# Two questions



## kalen3285

Hi,

I have a couple questions.  The first is about a hard drive.  I'm looking to purchase a new hard drive (Western Digital 120 GB SATA150).  I read somewhere you have to have some kind of controller card for SATA.  Can anyone tell me about this?

Second, I'm looking to get more memory.  I have a Dell Dimension 8250 with 512MB memory, but I don't remember what type of memory I have, or the computer's capacity (if it has one).  Does anyone know how I can find this info?

Thanks.


----------



## ian

Re the second question, I found this on the net, looks like the maximum memory capacity is 1.5gig
http://www.4allmemory.com/index.cfm?fuseaction=search.memorySearch&model_id=-71


----------



## Rick G

SATA requires not only a new controller card but a different power supply as well.  The psu has seeperate connections for a SATA drive.  You will also need to make changes in the bios to get the SATA drive to work. You may want to consider a Maxtor Raptor HDD instead. The psu that comes with the 8250 is only 250 watts and not big enough to add a SATA drive.
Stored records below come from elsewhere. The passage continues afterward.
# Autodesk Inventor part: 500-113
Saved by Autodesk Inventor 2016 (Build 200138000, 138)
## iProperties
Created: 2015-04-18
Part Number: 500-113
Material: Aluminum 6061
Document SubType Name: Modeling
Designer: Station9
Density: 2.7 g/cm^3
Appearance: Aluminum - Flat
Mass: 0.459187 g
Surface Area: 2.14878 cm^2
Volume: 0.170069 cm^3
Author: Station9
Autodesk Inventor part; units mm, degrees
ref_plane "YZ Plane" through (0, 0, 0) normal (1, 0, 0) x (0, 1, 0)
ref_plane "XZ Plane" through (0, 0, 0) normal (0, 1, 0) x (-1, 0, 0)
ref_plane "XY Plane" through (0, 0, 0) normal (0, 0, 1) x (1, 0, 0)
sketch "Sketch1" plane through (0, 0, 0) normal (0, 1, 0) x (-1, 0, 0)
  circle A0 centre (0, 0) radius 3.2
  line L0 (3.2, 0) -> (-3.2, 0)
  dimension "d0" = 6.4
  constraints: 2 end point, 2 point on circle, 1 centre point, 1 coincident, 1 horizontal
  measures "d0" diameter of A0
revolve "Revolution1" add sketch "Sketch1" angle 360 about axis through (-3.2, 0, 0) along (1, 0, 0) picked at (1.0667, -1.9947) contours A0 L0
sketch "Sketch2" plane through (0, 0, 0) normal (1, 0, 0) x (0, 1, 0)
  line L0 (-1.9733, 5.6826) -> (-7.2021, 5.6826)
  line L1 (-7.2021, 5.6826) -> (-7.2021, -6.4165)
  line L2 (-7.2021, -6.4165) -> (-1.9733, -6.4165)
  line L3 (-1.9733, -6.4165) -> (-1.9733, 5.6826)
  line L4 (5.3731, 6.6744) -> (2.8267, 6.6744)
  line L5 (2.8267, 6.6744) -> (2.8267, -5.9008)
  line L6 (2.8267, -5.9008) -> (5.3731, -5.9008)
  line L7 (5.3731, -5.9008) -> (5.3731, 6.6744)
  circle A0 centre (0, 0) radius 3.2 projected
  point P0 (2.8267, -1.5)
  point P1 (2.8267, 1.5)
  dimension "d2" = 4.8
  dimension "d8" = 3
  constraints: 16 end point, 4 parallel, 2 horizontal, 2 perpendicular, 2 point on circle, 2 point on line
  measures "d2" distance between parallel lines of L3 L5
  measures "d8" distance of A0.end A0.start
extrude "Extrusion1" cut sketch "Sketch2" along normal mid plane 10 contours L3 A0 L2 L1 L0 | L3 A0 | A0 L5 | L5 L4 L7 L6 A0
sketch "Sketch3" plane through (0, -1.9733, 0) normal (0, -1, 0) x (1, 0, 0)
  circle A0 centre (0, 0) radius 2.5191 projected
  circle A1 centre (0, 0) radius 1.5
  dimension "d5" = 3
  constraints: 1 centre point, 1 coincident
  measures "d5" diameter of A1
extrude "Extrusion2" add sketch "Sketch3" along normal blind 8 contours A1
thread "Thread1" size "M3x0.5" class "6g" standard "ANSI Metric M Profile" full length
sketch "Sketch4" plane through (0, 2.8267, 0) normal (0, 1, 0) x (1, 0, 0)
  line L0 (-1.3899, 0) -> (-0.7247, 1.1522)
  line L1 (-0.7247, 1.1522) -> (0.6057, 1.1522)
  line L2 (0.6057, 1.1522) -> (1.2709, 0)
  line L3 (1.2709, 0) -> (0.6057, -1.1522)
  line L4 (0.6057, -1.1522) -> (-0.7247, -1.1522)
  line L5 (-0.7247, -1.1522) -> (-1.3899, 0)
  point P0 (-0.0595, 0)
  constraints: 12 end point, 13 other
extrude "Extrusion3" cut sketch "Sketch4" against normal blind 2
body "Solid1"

Unless you are running Windows 2000 or XP you cant use any more than 512 mem.  If you can don't bother to go over 1 gig of ram. Instead get faster ram and replace your existing ram.  Unfortunatly most store brand computers don't tell you what speed ram you have.  You may be able to tell by physically looking at the ram and reading the label or markings on the ram.


----------



## kalen3285

Thanks Rick.

Okay, in response to you, yes, I'm running Windows XP.  Also, I found that I have RDRAM.  And it seems to be quite expensive.  Is it possible to use a different type of memory if I replace it all, or am I stuck with the memory type I have?  Lastly, why do you recommend the Maxtor Raptor?  I've heard of them but don't know much about them.  Thanks again.


----------



## Rick G

Your computer is not reall set up to utilize the SATA to the best advantage, A Maxtor Raptor is a very high rpm and very low access speed hdd, the best out there right now.  SATA is usually only used when you want very fast and Raid configuration.  But money, honey!
Bad new on the memory side, yout stuck with rdram, but the good news is that you have more than enough, why do you want more on a computer that is essentially out of date and the cost of ore memory would almost be enough to build a great custom computer to your own specs.  Using some parts from one of my old computers, I built a 3.0 screamer for $600.


----------



## kalen3285

Thanks again Rick.

Well, after looking around, I think I may just build a new comp using a lot of my existing stuff.  I see what you mean the price.  It isn't too much.

edit:  Okay, one more question.  Since I want to do video editing, I need at least one IEEE1394 port.  The motherboard I was looking at had an IEEE1394 on it.  The board you suggested didn't.  Does that mean I can't get firewire?


----------



## Rick G

sorry meant the MSI865PE-NEO2-PFISR at $125 at newegg,com


----------



## Rick G

the MSI865PE-NEO2-PFISR has it for $125 at new egg.


----------



## kalen3285

Rick, I was wondering if you know anything about cases.  I was looking at this one: 



It looks pretty nice.  Keep in mind I am looking for something that looks nice yet functional.  If there are any others that you would recommend please tell me.  Thanks.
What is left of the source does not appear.